Are you actually _disagreeing_ , though? We both seem to agree it needs work.
And you're correct the challenge is partly an institutional one -- recruiting
and retaining design talent and manpower, and fashioning new ways of working
together. It's something we're aware of and working on, and if you'd like to
work on it with us we'll welcome you with open arms.

The KDE community isn't unaware of its weak spots and isn't satsified with its
weak spots; addressing weak spots is Real Work[tm] though, and doesn't always
happen over night. We'd like to think we've made some progress (for example
we've identified some things that _don 't_ work from past attempts, and that's
useful institutional knowledge as well), though. And that it's very much worth
doing.

tl;dr If open source is bad at product design, we'd rather not accept that as
law of nature and work out how to get better. If that's a challenge you have
an appetite for ...

------
jafingi
Pretty interesting project. And it looks great. I understand that it's work in
progress, but it really need to support more devices, even in this phase.

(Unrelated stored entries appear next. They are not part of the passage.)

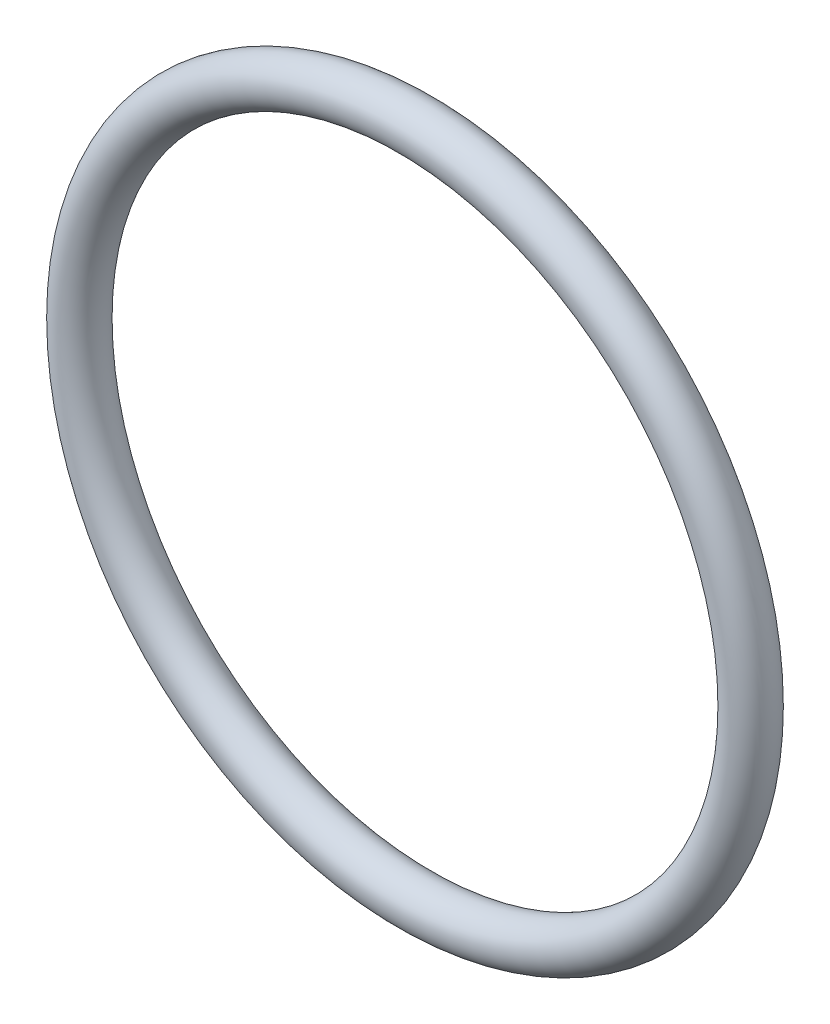
ISO-10303-21;
HEADER;
FILE_DESCRIPTION(('STEP AP214'),'2;1');
FILE_NAME('part.step','',(''),(''),'','','');
FILE_SCHEMA(('AUTOMOTIVE_DESIGN { 1 0 10303 214 1 1 1 1 }'));
ENDSEC;
DATA;
#1=APPLICATION_CONTEXT('core data for automotive mechanical design processes');
#2=APPLICATION_PROTOCOL_DEFINITION('international standard','automotive_design',2000,#1);
#3=PRODUCT_CONTEXT('',#1,'mechanical');
#4=PRODUCT('Part','Part','',(#3));
#5=PRODUCT_RELATED_PRODUCT_CATEGORY('part','',(#4));
#6=PRODUCT_DEFINITION_FORMATION('','',#4);
#7=PRODUCT_DEFINITION_CONTEXT('part definition',#1,'design');
#8=PRODUCT_DEFINITION('design','',#6,#7);
#9=PRODUCT_DEFINITION_SHAPE('','',#8);
#10=(LENGTH_UNIT() NAMED_UNIT(*) SI_UNIT(.MILLI.,.METRE.));
#11=(NAMED_UNIT(*) PLANE_ANGLE_UNIT() SI_UNIT($,.RADIAN.));
#12=(NAMED_UNIT(*) SI_UNIT($,.STERADIAN.) SOLID_ANGLE_UNIT());
#13=UNCERTAINTY_MEASURE_WITH_UNIT(LENGTH_MEASURE(1.E-05),#10,'distance_accuracy_value','');
#14=(GEOMETRIC_REPRESENTATION_CONTEXT(3) GLOBAL_UNCERTAINTY_ASSIGNED_CONTEXT((#13)) GLOBAL_UNIT_ASSIGNED_CONTEXT((#10,
#11,#12)) REPRESENTATION_CONTEXT('',''));
#15=CARTESIAN_POINT('',(0.,0.,0.));
#16=DIRECTION('',(0.,0.,1.));
#17=DIRECTION('',(1.,0.,0.));
#18=AXIS2_PLACEMENT_3D('',#15,#16,#17);
#19=CARTESIAN_POINT('',(0.,0.,0.));
#20=DIRECTION('',(0.,0.,1.));
#21=DIRECTION('',(1.,0.,0.));
#22=AXIS2_PLACEMENT_3D('',#19,#20,#21);
#23=TOROIDAL_SURFACE('',#22,29.,2.);
#24=CARTESIAN_POINT('',(-29.,0.,0.));
#25=DIRECTION('',(0.,1.,0.));
#26=DIRECTION('',(0.,0.,1.));
#27=AXIS2_PLACEMENT_3D('',#24,#25,#26);
#28=CIRCLE('',#27,2.);
#29=CARTESIAN_POINT('',(-31.,0.,0.));
#30=VERTEX_POINT('',#29);
#31=EDGE_CURVE('E10',#30,#30,#28,.T.);
#32=CARTESIAN_POINT('',(0.,0.,0.));
#33=DIRECTION('',(0.,0.,1.));
#34=DIRECTION('',(1.,0.,0.));
#35=AXIS2_PLACEMENT_3D('',#32,#33,#34);
#36=CIRCLE('',#35,31.);
#37=EDGE_CURVE('',#30,#30,#36,.T.);
#38=ORIENTED_EDGE('',*,*,#31,.F.);
#39=ORIENTED_EDGE('',*,*,#31,.T.);
#40=ORIENTED_EDGE('',*,*,#37,.T.);
#41=ORIENTED_EDGE('',*,*,#37,.F.);
#42=EDGE_LOOP('',(#38,#40,#39,#41));
#43=FACE_BOUND('',#42,.T.);
#44=ADVANCED_FACE('F37',(#43),#23,.T.);
#45=CLOSED_SHELL('',(#44));
#46=MANIFOLD_SOLID_BREP('B2',#45);
#47=ADVANCED_BREP_SHAPE_REPRESENTATION('',(#18,#46),#14);
#48=SHAPE_DEFINITION_REPRESENTATION(#9,#47);
ENDSEC;
END-ISO-10303-21;
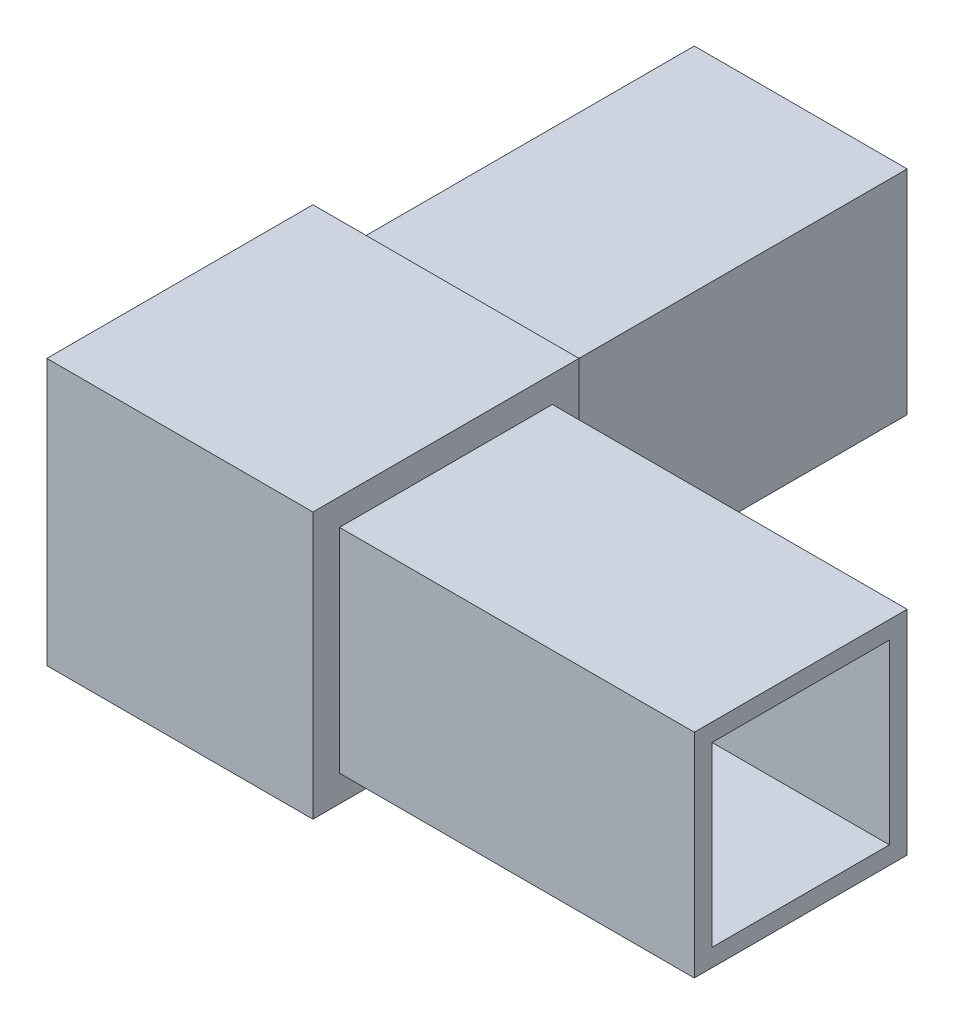
ISO-10303-21;
HEADER;
FILE_DESCRIPTION(('STEP AP214'),'2;1');
FILE_NAME('part.step','',(''),(''),'','','');
FILE_SCHEMA(('AUTOMOTIVE_DESIGN { 1 0 10303 214 1 1 1 1 }'));
ENDSEC;
DATA;
#1=APPLICATION_CONTEXT('core data for automotive mechanical design processes');
#2=APPLICATION_PROTOCOL_DEFINITION('international standard','automotive_design',2000,#1);
#3=PRODUCT_CONTEXT('',#1,'mechanical');
#4=PRODUCT('Part','Part','',(#3));
#5=PRODUCT_RELATED_PRODUCT_CATEGORY('part','',(#4));
#6=PRODUCT_DEFINITION_FORMATION('','',#4);
#7=PRODUCT_DEFINITION_CONTEXT('part definition',#1,'design');
#8=PRODUCT_DEFINITION('design','',#6,#7);
#9=PRODUCT_DEFINITION_SHAPE('','',#8);
#10=(LENGTH_UNIT() NAMED_UNIT(*) SI_UNIT(.MILLI.,.METRE.));
#11=(NAMED_UNIT(*) PLANE_ANGLE_UNIT() SI_UNIT($,.RADIAN.));
#12=(NAMED_UNIT(*) SI_UNIT($,.STERADIAN.) SOLID_ANGLE_UNIT());
#13=UNCERTAINTY_MEASURE_WITH_UNIT(LENGTH_MEASURE(1.E-05),#10,'distance_accuracy_value','');
#14=(GEOMETRIC_REPRESENTATION_CONTEXT(3) GLOBAL_UNCERTAINTY_ASSIGNED_CONTEXT((#13)) GLOBAL_UNIT_ASSIGNED_CONTEXT((#10,
#11,#12)) REPRESENTATION_CONTEXT('',''));
#15=CARTESIAN_POINT('',(0.,0.,0.));
#16=DIRECTION('',(0.,0.,1.));
#17=DIRECTION('',(1.,0.,0.));
#18=AXIS2_PLACEMENT_3D('',#15,#16,#17);
#19=CARTESIAN_POINT('',(55.,30.,-14.0461219660689));
#20=DIRECTION('',(-1.,0.,0.));
#21=DIRECTION('',(0.,0.,1.));
#22=AXIS2_PLACEMENT_3D('',#19,#20,#21);
#23=PLANE('',#22);
#24=DIRECTION('',(0.,-1.,0.));
#25=VECTOR('',#24,1.);
#26=CARTESIAN_POINT('',(55.,27.,12.));
#27=LINE('',#26,#25);
#28=CARTESIAN_POINT('',(55.,27.,12.));
#29=VERTEX_POINT('',#28);
#30=CARTESIAN_POINT('',(55.,3.,12.));
#31=VERTEX_POINT('',#30);
#32=EDGE_CURVE('E341',#29,#31,#27,.T.);
#33=ORIENTED_EDGE('',*,*,#32,.T.);
#34=DIRECTION('',(0.,0.,-1.));
#35=VECTOR('',#34,1.);
#36=CARTESIAN_POINT('',(55.,3.,12.));
#37=LINE('',#36,#35);
#38=CARTESIAN_POINT('',(55.,3.,-12.));
#39=VERTEX_POINT('',#38);
#40=EDGE_CURVE('E358',#31,#39,#37,.T.);
#41=ORIENTED_EDGE('',*,*,#40,.T.);
#42=DIRECTION('',(0.,1.,0.));
#43=VECTOR('',#42,1.);
#44=CARTESIAN_POINT('',(55.,3.,-12.));
#45=LINE('',#44,#43);
#46=CARTESIAN_POINT('',(55.,27.,-12.));
#47=VERTEX_POINT('',#46);
#48=EDGE_CURVE('E361',#39,#47,#45,.T.);
#49=ORIENTED_EDGE('',*,*,#48,.T.);
#50=DIRECTION('',(0.,0.,1.));
#51=VECTOR('',#50,1.);
#52=CARTESIAN_POINT('',(55.,27.,-12.));
#53=LINE('',#52,#51);
#54=EDGE_CURVE('E346',#47,#29,#53,.T.);
#55=ORIENTED_EDGE('',*,*,#54,.T.);
#56=EDGE_LOOP('',(#33,#41,#49,#55));
#57=FACE_BOUND('',#56,.T.);
#58=DIRECTION('',(0.,-1.,0.));
#59=VECTOR('',#58,1.);
#60=CARTESIAN_POINT('',(55.,27.,10.));
#61=LINE('',#60,#59);
#62=CARTESIAN_POINT('',(55.,25.,10.));
#63=VERTEX_POINT('',#62);
#64=CARTESIAN_POINT('',(55.,5.,10.));
#65=VERTEX_POINT('',#64);
#66=EDGE_CURVE('E283',#63,#65,#61,.T.);
#67=ORIENTED_EDGE('',*,*,#66,.F.);
#68=DIRECTION('',(0.,0.,1.));
#69=VECTOR('',#68,1.);
#70=CARTESIAN_POINT('',(55.,25.,-12.));
#71=LINE('',#70,#69);
#72=CARTESIAN_POINT('',(55.,25.,-9.99999999999999));
#73=VERTEX_POINT('',#72);
#74=EDGE_CURVE('E254',#73,#63,#71,.T.);
#75=ORIENTED_EDGE('',*,*,#74,.F.);
#76=DIRECTION('',(0.,1.,0.));
#77=VECTOR('',#76,1.);
#78=CARTESIAN_POINT('',(55.,3.,-9.99999999999999));
#79=LINE('',#78,#77);
#80=CARTESIAN_POINT('',(55.,5.,-9.99999999999999));
#81=VERTEX_POINT('',#80);
#82=EDGE_CURVE('E52',#81,#73,#79,.T.);
#83=ORIENTED_EDGE('',*,*,#82,.F.);
#84=DIRECTION('',(0.,0.,-1.));
#85=VECTOR('',#84,1.);
#86=CARTESIAN_POINT('',(55.,5.,12.));
#87=LINE('',#86,#85);
#88=EDGE_CURVE('E286',#65,#81,#87,.T.);
#89=ORIENTED_EDGE('',*,*,#88,.F.);
#90=EDGE_LOOP('',(#67,#75,#83,#89));
#91=FACE_BOUND('',#90,.T.);
#92=ADVANCED_FACE('F37',(#57,#91),#23,.F.);
#93=CARTESIAN_POINT('',(-80.1827679437956,30.,-14.0461219660689));
#94=DIRECTION('',(0.,1.,0.));
#95=DIRECTION('',(0.,0.,1.));
#96=AXIS2_PLACEMENT_3D('',#93,#94,#95);
#97=PLANE('',#96);
#98=DIRECTION('',(0.,0.,-1.));
#99=VECTOR('',#98,1.);
#100=CARTESIAN_POINT('',(15.,30.,-14.0461219660689));
#101=LINE('',#100,#99);
#102=CARTESIAN_POINT('',(15.,30.,15.));
#103=VERTEX_POINT('',#102);
#104=CARTESIAN_POINT('',(15.,30.,-15.));
#105=VERTEX_POINT('',#104);
#106=EDGE_CURVE('E45',#103,#105,#101,.T.);
#107=ORIENTED_EDGE('',*,*,#106,.T.);
#108=DIRECTION('',(1.,0.,0.));
#109=VECTOR('',#108,1.);
#110=CARTESIAN_POINT('',(-15.,30.,-15.));
#111=LINE('',#110,#109);
#112=CARTESIAN_POINT('',(-15.,30.,-15.));
#113=VERTEX_POINT('',#112);
#114=EDGE_CURVE('E339',#113,#105,#111,.T.);
#115=ORIENTED_EDGE('',*,*,#114,.F.);
#116=DIRECTION('',(0.,0.,-1.));
#117=VECTOR('',#116,1.);
#118=CARTESIAN_POINT('',(-15.,30.,-14.0461219660689));
#119=LINE('',#118,#117);
#120=CARTESIAN_POINT('',(-15.,30.,15.));
#121=VERTEX_POINT('',#120);
#122=EDGE_CURVE('E378',#121,#113,#119,.T.);
#123=ORIENTED_EDGE('',*,*,#122,.F.);
#124=DIRECTION('',(-1.,0.,0.));
#125=VECTOR('',#124,1.);
#126=CARTESIAN_POINT('',(-80.1827679437956,30.,15.));
#127=LINE('',#126,#125);
#128=EDGE_CURVE('E381',#103,#121,#127,.T.);
#129=ORIENTED_EDGE('',*,*,#128,.F.);
#130=EDGE_LOOP('',(#107,#115,#123,#129));
#131=FACE_BOUND('',#130,.T.);
#132=ADVANCED_FACE('F408',(#131),#97,.T.);
#133=CARTESIAN_POINT('',(-80.1827679437956,0.,-14.0461219660689));
#134=DIRECTION('',(0.,1.,0.));
#135=DIRECTION('',(0.,0.,1.));
#136=AXIS2_PLACEMENT_3D('',#133,#134,#135);
#137=PLANE('',#136);
#138=DIRECTION('',(-1.,0.,0.));
#139=VECTOR('',#138,1.);
#140=CARTESIAN_POINT('',(15.,0.,-15.));
#141=LINE('',#140,#139);
#142=CARTESIAN_POINT('',(15.,0.,-15.));
#143=VERTEX_POINT('',#142);
#144=CARTESIAN_POINT('',(-15.,0.,-15.));
#145=VERTEX_POINT('',#144);
#146=EDGE_CURVE('E335',#143,#145,#141,.T.);
#147=ORIENTED_EDGE('',*,*,#146,.F.);
#148=DIRECTION('',(0.,0.,-1.));
#149=VECTOR('',#148,1.);
#150=CARTESIAN_POINT('',(15.,0.,-14.0461219660689));
#151=LINE('',#150,#149);
#152=CARTESIAN_POINT('',(15.,0.,15.));
#153=VERTEX_POINT('',#152);
#154=EDGE_CURVE('E382',#153,#143,#151,.T.);
#155=ORIENTED_EDGE('',*,*,#154,.F.);
#156=DIRECTION('',(-1.,0.,0.));
#157=VECTOR('',#156,1.);
#158=CARTESIAN_POINT('',(-80.1827679437956,0.,15.));
#159=LINE('',#158,#157);
#160=CARTESIAN_POINT('',(-15.,0.,15.));
#161=VERTEX_POINT('',#160);
#162=EDGE_CURVE('E388',#153,#161,#159,.T.);
#163=ORIENTED_EDGE('',*,*,#162,.T.);
#164=DIRECTION('',(0.,0.,-1.));
#165=VECTOR('',#164,1.);
#166=CARTESIAN_POINT('',(-15.,0.,-14.0461219660689));
#167=LINE('',#166,#165);
#168=EDGE_CURVE('E377',#161,#145,#167,.T.);
#169=ORIENTED_EDGE('',*,*,#168,.T.);
#170=EDGE_LOOP('',(#147,#155,#163,#169));
#171=FACE_BOUND('',#170,.T.);
#172=ADVANCED_FACE('F397',(#171),#137,.F.);
#173=CARTESIAN_POINT('',(-15.,30.,-14.0461219660689));
#174=DIRECTION('',(-1.,0.,0.));
#175=DIRECTION('',(0.,0.,1.));
#176=AXIS2_PLACEMENT_3D('',#173,#174,#175);
#177=PLANE('',#176);
#178=ORIENTED_EDGE('',*,*,#122,.T.);
#179=DIRECTION('',(0.,1.,0.));
#180=VECTOR('',#179,1.);
#181=CARTESIAN_POINT('',(-15.,0.,-15.));
#182=LINE('',#181,#180);
#183=EDGE_CURVE('E337',#145,#113,#182,.T.);
#184=ORIENTED_EDGE('',*,*,#183,.F.);
#185=ORIENTED_EDGE('',*,*,#168,.F.);
#186=DIRECTION('',(0.,-1.,0.));
#187=VECTOR('',#186,1.);
#188=CARTESIAN_POINT('',(-15.,30.,15.));
#189=LINE('',#188,#187);
#190=EDGE_CURVE('E11',#121,#161,#189,.T.);
#191=ORIENTED_EDGE('',*,*,#190,.F.);
#192=EDGE_LOOP('',(#178,#184,#185,#191));
#193=FACE_BOUND('',#192,.T.);
#194=ADVANCED_FACE('F39',(#193),#177,.T.);
#195=CARTESIAN_POINT('',(15.,30.,-14.0461219660689));
#196=DIRECTION('',(-1.,0.,0.));
#197=DIRECTION('',(0.,0.,1.));
#198=AXIS2_PLACEMENT_3D('',#195,#196,#197);
#199=PLANE('',#198);
#200=DIRECTION('',(0.,0.,1.));
#201=VECTOR('',#200,1.);
#202=CARTESIAN_POINT('',(15.,27.,-12.));
#203=LINE('',#202,#201);
#204=CARTESIAN_POINT('',(15.,27.,-12.));
#205=VERTEX_POINT('',#204);
#206=CARTESIAN_POINT('',(15.,27.,12.));
#207=VERTEX_POINT('',#206);
#208=EDGE_CURVE('E352',#205,#207,#203,.T.);
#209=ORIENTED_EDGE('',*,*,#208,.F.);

Looking forward to seeing how this will work out! A replacement for Android is
much appreciated.

------
etrautmann
Is it supposed to be obvious what these components are? "What is a plasma
phone?"

"Plasma Phone OS (or simply Plasma Phone) is a complete software stack for
mobile devices and includes the following libre technologies:

Plasma Mobile (a Plasma-based shell), KWIN/KWayland, Voicecall, Ofono, RIL,
OHM, Telepathy"

Aside from Voicecall, I have no idea what these are or why they would be
desirable in a phone.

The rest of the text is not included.